With Embedded, one cannot install MS Office, although openoffice.org works well. Expect to spend a few days doing the "componentized build" where the components are determined by trial and mostly error, using a SQL database, it is probably faster and easier to build a Linux distro. from source.

It's funny to see a "real world" deployment of XP Embedded on "old hardware": to get maximum compatibility, one adds all the components of XP, and it runs just as slowly. As time goes on, the code base will continue to get fixes from the common Vista/XP/7 tree and will like all MS products eventually fail to run on hardware it once ran on, despite MS's "guarantee" of 10 year support for embedded.

RE: EULA Violation
by PlatformAgnostic on Wed 21st Jan 2009 13:34 UTC in reply to "EULA Violation"
PlatformAgnostic Member since:
2006-01-02

There is no common tree. All three products have different trees and the code in many areas has diverged a lot.

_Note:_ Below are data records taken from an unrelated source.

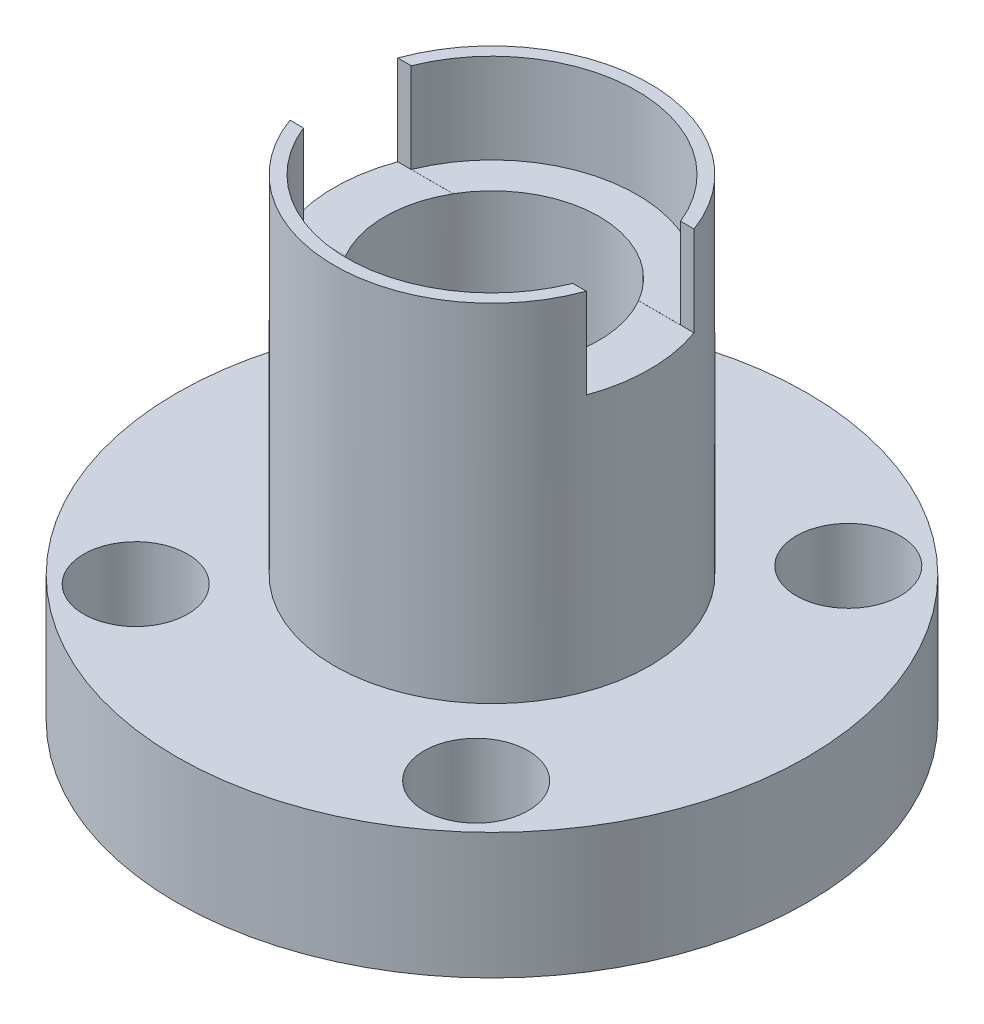
ISO-10303-21;
HEADER;
FILE_DESCRIPTION(('STEP AP214'),'2;1');
FILE_NAME('part.step','',(''),(''),'','','');
FILE_SCHEMA(('AUTOMOTIVE_DESIGN { 1 0 10303 214 1 1 1 1 }'));
ENDSEC;
DATA;
#1=APPLICATION_CONTEXT('core data for automotive mechanical design processes');
#2=APPLICATION_PROTOCOL_DEFINITION('international standard','automotive_design',2000,#1);
#3=PRODUCT_CONTEXT('',#1,'mechanical');
#4=PRODUCT('Part','Part','',(#3));
#5=PRODUCT_RELATED_PRODUCT_CATEGORY('part','',(#4));
#6=PRODUCT_DEFINITION_FORMATION('','',#4);
#7=PRODUCT_DEFINITION_CONTEXT('part definition',#1,'design');
#8=PRODUCT_DEFINITION('design','',#6,#7);
#9=PRODUCT_DEFINITION_SHAPE('','',#8);
#10=(LENGTH_UNIT() NAMED_UNIT(*) SI_UNIT(.MILLI.,.METRE.));
#11=(NAMED_UNIT(*) PLANE_ANGLE_UNIT() SI_UNIT($,.RADIAN.));
#12=(NAMED_UNIT(*) SI_UNIT($,.STERADIAN.) SOLID_ANGLE_UNIT());
#13=UNCERTAINTY_MEASURE_WITH_UNIT(LENGTH_MEASURE(1.E-05),#10,'distance_accuracy_value','');
#14=(GEOMETRIC_REPRESENTATION_CONTEXT(3) GLOBAL_UNCERTAINTY_ASSIGNED_CONTEXT((#13)) GLOBAL_UNIT_ASSIGNED_CONTEXT((#10,
#11,#12)) REPRESENTATION_CONTEXT('',''));
#15=CARTESIAN_POINT('',(0.,0.,0.));
#16=DIRECTION('',(0.,0.,1.));
#17=DIRECTION('',(1.,0.,0.));
#18=AXIS2_PLACEMENT_3D('',#15,#16,#17);
#19=CARTESIAN_POINT('',(0.,15.,0.));
#20=DIRECTION('',(0.,1.,0.));
#21=DIRECTION('',(0.,0.,1.));
#22=AXIS2_PLACEMENT_3D('',#19,#20,#21);
#23=CYLINDRICAL_SURFACE('',#22,3.4);
#24=CARTESIAN_POINT('',(0.,0.,0.));
#25=DIRECTION('',(0.,1.,0.));
#26=DIRECTION('',(0.,0.,1.));
#27=AXIS2_PLACEMENT_3D('',#24,#25,#26);
#28=CIRCLE('',#27,3.4);
#29=CARTESIAN_POINT('',(0.,0.,3.4));
#30=VERTEX_POINT('',#29);
#31=EDGE_CURVE('E214',#30,#30,#28,.T.);
#32=ORIENTED_EDGE('',*,*,#31,.F.);
#33=EDGE_LOOP('',(#32));
#34=FACE_BOUND('',#33,.T.);
#35=CARTESIAN_POINT('',(0.,12.15,0.));
#36=DIRECTION('',(0.,1.,0.));
#37=DIRECTION('',(0.,0.,1.));
#38=AXIS2_PLACEMENT_3D('',#35,#36,#37);
#39=CIRCLE('',#38,3.4);
#40=CARTESIAN_POINT('',(-2.9393133786235,12.15,-1.70892857142857));
#41=VERTEX_POINT('',#40);
#42=CARTESIAN_POINT('',(2.9393133786235,12.15,-1.70892857142856));
#43=VERTEX_POINT('',#42);
#44=EDGE_CURVE('E51',#41,#43,#39,.F.);
#45=ORIENTED_EDGE('',*,*,#44,.F.);
#46=DIRECTION('',(0.,1.,0.));
#47=VECTOR('',#46,1.);
#48=CARTESIAN_POINT('',(-2.9393133786235,15.,-1.70892857142856));
#49=LINE('',#48,#47);
#50=CARTESIAN_POINT('',(-2.9393133786235,12.1475310362426,-1.70892857142857));
#51=VERTEX_POINT('',#50);
#52=EDGE_CURVE('E261',#41,#51,#49,.F.);
#53=ORIENTED_EDGE('',*,*,#52,.T.);
#54=CARTESIAN_POINT('',(0.,12.1475310362426,0.));
#55=DIRECTION('',(0.,-1.,0.));
#56=DIRECTION('',(1.,0.,0.));
#57=AXIS2_PLACEMENT_3D('',#54,#55,#56);
#58=CIRCLE('',#57,3.4);
#59=CARTESIAN_POINT('',(-2.9393133786235,12.1475310362425,1.70892857142857));
#60=VERTEX_POINT('',#59);
#61=EDGE_CURVE('E258',#51,#60,#58,.F.);
#62=ORIENTED_EDGE('',*,*,#61,.T.);
#63=DIRECTION('',(0.,1.,0.));
#64=VECTOR('',#63,1.);
#65=CARTESIAN_POINT('',(-2.9393133786235,15.,1.70892857142857));
#66=LINE('',#65,#64);
#67=CARTESIAN_POINT('',(-2.9393133786235,12.15,1.70892857142857));
#68=VERTEX_POINT('',#67);
#69=EDGE_CURVE('E253',#60,#68,#66,.T.);
#70=ORIENTED_EDGE('',*,*,#69,.T.);
#71=CARTESIAN_POINT('',(2.9393133786235,12.15,1.70892857142857));
#72=VERTEX_POINT('',#71);
#73=EDGE_CURVE('E187',#72,#68,#39,.F.);
#74=ORIENTED_EDGE('',*,*,#73,.F.);
#75=DIRECTION('',(0.,1.,0.));
#76=VECTOR('',#75,1.);
#77=CARTESIAN_POINT('',(2.9393133786235,15.,1.70892857142857));
#78=LINE('',#77,#76);
#79=CARTESIAN_POINT('',(2.9393133786235,12.1475310362425,1.70892857142857));
#80=VERTEX_POINT('',#79);
#81=EDGE_CURVE('E264',#72,#80,#78,.F.);
#82=ORIENTED_EDGE('',*,*,#81,.T.);
#83=CARTESIAN_POINT('',(2.9393133786235,12.1475310362426,-1.70892857142857));
#84=VERTEX_POINT('',#83);
#85=EDGE_CURVE('E262',#80,#84,#58,.F.);
#86=ORIENTED_EDGE('',*,*,#85,.T.);
#87=DIRECTION('',(0.,1.,0.));
#88=VECTOR('',#87,1.);
#89=CARTESIAN_POINT('',(2.9393133786235,15.,-1.70892857142856));
#90=LINE('',#89,#88);
#91=EDGE_CURVE('E266',#84,#43,#90,.T.);
#92=ORIENTED_EDGE('',*,*,#91,.T.);
#93=EDGE_LOOP('',(#45,#53,#62,#70,#74,#82,#86,#92));
#94=FACE_BOUND('',#93,.T.);
#95=ADVANCED_FACE('F36',(#34,#94),#23,.F.);
#96=CARTESIAN_POINT('',(0.,15.,0.));
#97=DIRECTION('',(0.,1.,0.));
#98=DIRECTION('',(0.,0.,1.));
#99=AXIS2_PLACEMENT_3D('',#96,#97,#98);
#100=PLANE('',#99);
#101=CARTESIAN_POINT('',(0.,15.,0.));
#102=DIRECTION('',(0.,1.,0.));
#103=DIRECTION('',(0.,0.,1.));
#104=AXIS2_PLACEMENT_3D('',#101,#102,#103);
#105=CIRCLE('',#104,4.6);
#106=CARTESIAN_POINT('',(4.27078015563376,15.,-1.70892857142856));
#107=VERTEX_POINT('',#106);
#108=CARTESIAN_POINT('',(-4.27078015563376,15.,-1.70892857142856));
#109=VERTEX_POINT('',#108);
#110=EDGE_CURVE('E133',#107,#109,#105,.T.);
#111=ORIENTED_EDGE('',*,*,#110,.F.);
#112=DIRECTION('',(-1.,0.,0.));
#113=VECTOR('',#112,1.);
#114=CARTESIAN_POINT('',(0.,15.,-1.70892857142856));
#115=LINE('',#114,#113);
#116=CARTESIAN_POINT('',(4.69888956432848,15.,-1.70892857142856));
#117=VERTEX_POINT('',#116);
#118=EDGE_CURVE('E200',#117,#107,#115,.T.);
#119=ORIENTED_EDGE('',*,*,#118,.F.);
#120=CARTESIAN_POINT('',(0.,15.,0.));
#121=DIRECTION('',(0.,1.,0.));
#122=DIRECTION('',(0.,0.,1.));
#123=AXIS2_PLACEMENT_3D('',#120,#121,#122);
#124=CIRCLE('',#123,5.);
#125=CARTESIAN_POINT('',(-4.69888956432848,15.,-1.70892857142856));
#126=VERTEX_POINT('',#125);
#127=EDGE_CURVE('E222',#117,#126,#124,.T.);
#128=ORIENTED_EDGE('',*,*,#127,.T.);
#129=EDGE_CURVE('E202',#109,#126,#115,.T.);
#130=ORIENTED_EDGE('',*,*,#129,.F.);
#131=EDGE_LOOP('',(#111,#119,#128,#130));
#132=FACE_BOUND('',#131,.T.);
#133=ADVANCED_FACE('F198',(#132),#100,.T.);
#134=CARTESIAN_POINT('',(0.,4.,0.));
#135=DIRECTION('',(0.,-1.,0.));
#136=DIRECTION('',(0.,0.,-1.));
#137=AXIS2_PLACEMENT_3D('',#134,#135,#136);
#138=CYLINDRICAL_SURFACE('',#137,10.);
#139=CARTESIAN_POINT('',(0.,4.,0.));
#140=DIRECTION('',(0.,1.,0.));
#141=DIRECTION('',(0.,0.,1.));
#142=AXIS2_PLACEMENT_3D('',#139,#140,#141);
#143=CIRCLE('',#142,10.);
#144=CARTESIAN_POINT('',(0.,4.,10.));
#145=VERTEX_POINT('',#144);
#146=EDGE_CURVE('E250',#145,#145,#143,.T.);
#147=ORIENTED_EDGE('',*,*,#146,.F.);
#148=EDGE_LOOP('',(#147));
#149=FACE_BOUND('',#148,.T.);
#150=CARTESIAN_POINT('',(0.,0.,0.));
#151=DIRECTION('',(0.,1.,0.));
#152=DIRECTION('',(0.,0.,1.));
#153=AXIS2_PLACEMENT_3D('',#150,#151,#152);
#154=CIRCLE('',#153,10.);
#155=CARTESIAN_POINT('',(0.,0.,10.));
#156=VERTEX_POINT('',#155);
#157=EDGE_CURVE('E247',#156,#156,#154,.T.);
#158=ORIENTED_EDGE('',*,*,#157,.T.);
#159=EDGE_LOOP('',(#158));
#160=FACE_BOUND('',#159,.T.);
#161=ADVANCED_FACE('F38',(#149,#160),#138,.T.);
#162=CARTESIAN_POINT('',(0.,4.,0.));
#163=DIRECTION('',(0.,1.,0.));
#164=DIRECTION('',(0.,0.,1.));
#165=AXIS2_PLACEMENT_3D('',#162,#163,#164);
#166=PLANE('',#165);
#167=CARTESIAN_POINT('',(0.,4.,0.));
#168=DIRECTION('',(0.,1.,0.));
#169=DIRECTION('',(0.,0.,1.));
#170=AXIS2_PLACEMENT_3D('',#167,#168,#169);
#171=CIRCLE('',#170,5.);
#172=CARTESIAN_POINT('',(0.,4.,5.));
#173=VERTEX_POINT('',#172);
#174=EDGE_CURVE('E218',#173,#173,#171,.T.);
#175=ORIENTED_EDGE('',*,*,#174,.F.);
#176=EDGE_LOOP('',(#175));
#177=FACE_BOUND('',#176,.T.);
#178=CARTESIAN_POINT('',(-5.4001076965695,4.,-5.90244329625036));
#179=DIRECTION('',(0.,-1.,0.));
#180=DIRECTION('',(0.,0.,-1.));
#181=AXIS2_PLACEMENT_3D('',#178,#179,#180);
#182=CIRCLE('',#181,1.65);
#183=CARTESIAN_POINT('',(-5.4001076965695,4.,-7.55244329625036));
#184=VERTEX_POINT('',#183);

Very few self-contained fixes go back to XP.

When will the OEMs start using this?
by Moochman on Wed 21st Jan 2009 13:09 UTC
Moochman
Member since:
2005-07-06

I'm guessing the netbooks don't use this yet since Windows XP is still supported. As soon as MS drops support for that, I'm betting this will default to being the standard alternative to Linux on netbooks.

Simply awesome
by pandronic on Wed 21st Jan 2009 18:05 UTC
pandronic
Member since:
2006-05-18

That's simply awesome. It's expensive as hell, but I can see it take off as an alternative to Vista and 7 if it appears on popular torrent sites.

Not $90 per install I don't think
by slight on Wed 21st Jan 2009 18:39 UTC
slight
Member since:
2006-09-10

The linked page says $90 per unit shipped, I suspect that if you're only using it internally you don't have to pay that fee.